Clockwork universe where machine spirits regulate the motion of continent sized gears - Great!

A pastoral paradise where the rivers turn at right angles and the native plants are arranged with geometric precision - Great!

A galaxy of floating iron cubes that are constantly clanging into each other and where the inhabitants adapt by building underground bunkers from which to wage a never-ending war - Great!

Having to fit these worlds in a 3x3 ideological grid, when 2/3rds of the options are variants of "we think good things are good" and "we think bad things are good" - a nightmare.

I don't even know what the take-away should be here. I really enjoyed reading this boxed set . . . aside from the parts that gave me extreme soteriological vertigo. So maybe just enjoy it without thinking too hard about it - adventure in worlds that break the "standard fantasy" mold, heroically raid the hell-realm where nobody's being punished and everyone wants to be there . . .

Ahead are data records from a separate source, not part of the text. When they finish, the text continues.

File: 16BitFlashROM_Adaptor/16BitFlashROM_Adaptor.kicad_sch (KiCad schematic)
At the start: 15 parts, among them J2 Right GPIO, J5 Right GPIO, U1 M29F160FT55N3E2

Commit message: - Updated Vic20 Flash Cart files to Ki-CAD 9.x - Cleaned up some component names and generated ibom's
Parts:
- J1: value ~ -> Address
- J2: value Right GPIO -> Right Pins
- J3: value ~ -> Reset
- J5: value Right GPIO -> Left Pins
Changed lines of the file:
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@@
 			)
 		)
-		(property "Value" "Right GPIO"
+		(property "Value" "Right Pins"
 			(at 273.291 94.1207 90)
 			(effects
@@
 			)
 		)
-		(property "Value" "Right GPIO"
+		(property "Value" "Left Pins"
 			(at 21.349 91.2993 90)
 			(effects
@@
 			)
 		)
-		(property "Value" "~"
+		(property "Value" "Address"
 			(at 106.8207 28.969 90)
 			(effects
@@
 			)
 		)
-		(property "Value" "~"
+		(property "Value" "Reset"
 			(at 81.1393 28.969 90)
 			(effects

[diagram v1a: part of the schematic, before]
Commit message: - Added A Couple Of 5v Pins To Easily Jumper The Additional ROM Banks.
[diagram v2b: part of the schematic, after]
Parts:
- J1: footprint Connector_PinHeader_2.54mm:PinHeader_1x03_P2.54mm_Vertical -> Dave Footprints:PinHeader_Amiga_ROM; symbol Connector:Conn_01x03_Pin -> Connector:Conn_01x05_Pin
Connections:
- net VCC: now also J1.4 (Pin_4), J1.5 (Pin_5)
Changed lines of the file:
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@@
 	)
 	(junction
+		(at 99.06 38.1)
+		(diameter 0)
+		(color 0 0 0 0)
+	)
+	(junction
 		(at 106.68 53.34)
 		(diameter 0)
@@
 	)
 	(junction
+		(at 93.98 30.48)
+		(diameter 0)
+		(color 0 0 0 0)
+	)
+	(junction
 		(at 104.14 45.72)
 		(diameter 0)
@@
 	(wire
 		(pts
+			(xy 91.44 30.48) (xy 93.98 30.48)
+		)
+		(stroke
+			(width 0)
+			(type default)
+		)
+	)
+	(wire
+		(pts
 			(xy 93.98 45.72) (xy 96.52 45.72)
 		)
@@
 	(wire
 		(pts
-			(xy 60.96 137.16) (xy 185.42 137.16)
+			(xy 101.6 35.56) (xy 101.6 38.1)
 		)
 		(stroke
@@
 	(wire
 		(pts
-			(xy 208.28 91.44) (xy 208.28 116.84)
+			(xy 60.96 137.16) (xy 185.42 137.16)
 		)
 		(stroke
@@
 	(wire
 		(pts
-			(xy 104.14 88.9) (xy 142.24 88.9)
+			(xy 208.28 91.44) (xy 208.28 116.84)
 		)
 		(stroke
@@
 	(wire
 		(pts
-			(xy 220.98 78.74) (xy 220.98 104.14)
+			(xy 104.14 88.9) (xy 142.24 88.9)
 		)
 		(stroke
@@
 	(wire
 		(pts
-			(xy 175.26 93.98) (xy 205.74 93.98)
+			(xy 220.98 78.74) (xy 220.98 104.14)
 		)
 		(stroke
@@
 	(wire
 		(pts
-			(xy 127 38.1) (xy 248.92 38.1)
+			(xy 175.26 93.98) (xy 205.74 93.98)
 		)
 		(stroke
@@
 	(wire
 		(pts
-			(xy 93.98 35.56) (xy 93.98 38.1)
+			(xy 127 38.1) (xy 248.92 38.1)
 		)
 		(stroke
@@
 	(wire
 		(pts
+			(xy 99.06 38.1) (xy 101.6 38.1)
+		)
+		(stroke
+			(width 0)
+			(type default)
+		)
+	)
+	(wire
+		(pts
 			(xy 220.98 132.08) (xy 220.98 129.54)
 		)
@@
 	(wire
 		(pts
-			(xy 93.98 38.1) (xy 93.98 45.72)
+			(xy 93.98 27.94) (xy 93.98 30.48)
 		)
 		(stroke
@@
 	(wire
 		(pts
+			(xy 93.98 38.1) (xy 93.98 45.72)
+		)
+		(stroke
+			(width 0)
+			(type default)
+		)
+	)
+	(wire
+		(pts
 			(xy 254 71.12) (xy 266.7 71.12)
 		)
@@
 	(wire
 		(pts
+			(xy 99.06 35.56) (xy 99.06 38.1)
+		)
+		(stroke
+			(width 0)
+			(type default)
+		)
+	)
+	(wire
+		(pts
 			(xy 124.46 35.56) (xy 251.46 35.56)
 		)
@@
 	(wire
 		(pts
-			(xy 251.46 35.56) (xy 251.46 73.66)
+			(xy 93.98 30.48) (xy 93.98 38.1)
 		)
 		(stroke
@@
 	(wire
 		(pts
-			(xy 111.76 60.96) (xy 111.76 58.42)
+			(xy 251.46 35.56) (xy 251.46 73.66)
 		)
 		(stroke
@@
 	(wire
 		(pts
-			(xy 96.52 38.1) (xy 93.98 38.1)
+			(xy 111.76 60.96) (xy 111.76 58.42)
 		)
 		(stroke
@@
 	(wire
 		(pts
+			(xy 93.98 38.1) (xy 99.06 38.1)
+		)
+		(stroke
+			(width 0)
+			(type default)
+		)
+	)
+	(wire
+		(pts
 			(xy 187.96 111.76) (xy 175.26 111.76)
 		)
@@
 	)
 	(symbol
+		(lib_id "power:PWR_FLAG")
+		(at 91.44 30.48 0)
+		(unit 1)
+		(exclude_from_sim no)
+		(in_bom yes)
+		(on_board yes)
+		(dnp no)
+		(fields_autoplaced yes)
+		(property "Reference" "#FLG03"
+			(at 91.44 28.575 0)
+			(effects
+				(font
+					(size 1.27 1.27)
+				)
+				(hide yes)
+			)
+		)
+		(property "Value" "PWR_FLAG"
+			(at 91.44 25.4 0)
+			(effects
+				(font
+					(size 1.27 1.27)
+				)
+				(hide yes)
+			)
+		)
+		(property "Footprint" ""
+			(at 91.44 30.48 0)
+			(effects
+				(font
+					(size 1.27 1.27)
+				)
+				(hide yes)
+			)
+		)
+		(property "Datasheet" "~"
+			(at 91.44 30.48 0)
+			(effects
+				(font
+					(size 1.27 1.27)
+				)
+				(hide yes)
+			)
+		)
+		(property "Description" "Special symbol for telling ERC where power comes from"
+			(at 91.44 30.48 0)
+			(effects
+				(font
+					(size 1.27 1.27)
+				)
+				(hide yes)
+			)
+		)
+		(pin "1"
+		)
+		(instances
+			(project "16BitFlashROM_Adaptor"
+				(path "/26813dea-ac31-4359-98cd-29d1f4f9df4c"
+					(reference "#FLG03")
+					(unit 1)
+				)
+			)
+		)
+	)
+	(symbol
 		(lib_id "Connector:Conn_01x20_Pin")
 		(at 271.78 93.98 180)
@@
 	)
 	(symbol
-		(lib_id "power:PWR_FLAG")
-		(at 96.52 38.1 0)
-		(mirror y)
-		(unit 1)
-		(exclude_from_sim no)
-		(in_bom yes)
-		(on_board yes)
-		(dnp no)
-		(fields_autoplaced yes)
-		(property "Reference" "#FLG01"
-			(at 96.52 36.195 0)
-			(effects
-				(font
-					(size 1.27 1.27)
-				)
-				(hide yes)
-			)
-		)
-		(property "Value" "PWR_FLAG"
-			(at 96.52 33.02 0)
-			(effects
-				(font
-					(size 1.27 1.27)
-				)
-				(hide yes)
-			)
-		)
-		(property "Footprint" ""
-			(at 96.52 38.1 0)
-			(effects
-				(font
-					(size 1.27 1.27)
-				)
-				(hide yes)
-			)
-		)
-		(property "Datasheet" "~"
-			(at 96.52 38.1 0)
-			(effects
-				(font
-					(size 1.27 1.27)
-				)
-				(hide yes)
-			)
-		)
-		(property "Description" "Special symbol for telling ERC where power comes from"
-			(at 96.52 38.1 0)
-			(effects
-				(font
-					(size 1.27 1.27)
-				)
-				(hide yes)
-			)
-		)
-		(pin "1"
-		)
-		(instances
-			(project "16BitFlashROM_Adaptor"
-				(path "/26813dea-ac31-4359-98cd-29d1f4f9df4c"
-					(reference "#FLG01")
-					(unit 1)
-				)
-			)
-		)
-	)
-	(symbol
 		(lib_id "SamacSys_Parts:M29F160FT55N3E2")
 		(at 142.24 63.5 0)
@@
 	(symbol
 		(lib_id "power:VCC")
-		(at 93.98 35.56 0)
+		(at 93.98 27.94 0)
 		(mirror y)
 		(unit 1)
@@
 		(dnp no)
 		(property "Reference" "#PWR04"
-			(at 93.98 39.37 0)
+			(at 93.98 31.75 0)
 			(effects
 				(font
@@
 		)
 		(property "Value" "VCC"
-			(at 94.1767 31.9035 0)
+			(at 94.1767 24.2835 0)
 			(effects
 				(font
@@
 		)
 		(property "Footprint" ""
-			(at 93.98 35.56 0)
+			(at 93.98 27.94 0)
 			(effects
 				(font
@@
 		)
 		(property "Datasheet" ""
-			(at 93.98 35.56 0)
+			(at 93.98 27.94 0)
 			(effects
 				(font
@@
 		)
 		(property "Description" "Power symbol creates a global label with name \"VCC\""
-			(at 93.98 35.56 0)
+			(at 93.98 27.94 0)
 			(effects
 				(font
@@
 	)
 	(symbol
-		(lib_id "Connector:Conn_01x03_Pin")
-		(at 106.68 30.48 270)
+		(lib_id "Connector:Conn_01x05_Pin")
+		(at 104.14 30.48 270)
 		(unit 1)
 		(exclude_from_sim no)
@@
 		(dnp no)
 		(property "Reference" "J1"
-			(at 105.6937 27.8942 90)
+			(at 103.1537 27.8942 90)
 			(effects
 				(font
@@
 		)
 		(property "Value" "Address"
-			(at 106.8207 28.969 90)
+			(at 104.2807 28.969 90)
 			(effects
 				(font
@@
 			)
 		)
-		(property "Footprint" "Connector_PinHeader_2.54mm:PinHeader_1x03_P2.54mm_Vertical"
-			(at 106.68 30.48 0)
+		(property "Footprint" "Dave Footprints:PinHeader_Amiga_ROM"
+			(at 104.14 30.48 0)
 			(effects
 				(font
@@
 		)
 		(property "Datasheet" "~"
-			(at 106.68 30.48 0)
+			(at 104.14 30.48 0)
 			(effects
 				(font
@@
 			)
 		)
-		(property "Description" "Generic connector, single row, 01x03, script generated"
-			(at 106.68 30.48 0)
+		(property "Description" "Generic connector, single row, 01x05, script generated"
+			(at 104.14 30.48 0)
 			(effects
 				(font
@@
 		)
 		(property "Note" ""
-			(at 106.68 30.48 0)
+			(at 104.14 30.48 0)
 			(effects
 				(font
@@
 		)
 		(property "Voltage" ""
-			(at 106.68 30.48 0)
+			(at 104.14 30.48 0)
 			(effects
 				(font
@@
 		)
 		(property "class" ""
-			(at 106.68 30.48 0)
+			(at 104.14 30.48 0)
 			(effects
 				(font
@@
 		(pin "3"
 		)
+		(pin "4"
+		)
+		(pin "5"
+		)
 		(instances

Aw, fuck, I'm doing it in the recap. I guess I can't deny the urge to dig deep into Planesecape's guts and assemble a more coherent setting. My enjoyment of the books has to be viewed in that context. I like a lot of what I'm seeing, but the one thing I'd change about it is the foundation.

Ukss Contribution: I liked the Storm Kings of Arcadia. They're just these four regular people (two are women, but all bear the title of "King") who live in the sky and control the weather. Since each one only contorls one aspect (Wind, Clouds, Lightning, or Rain), they have to negotiate and work together. This probably won't be how all of Ukss' weather works, but I can see it being an interesting hook for a single region.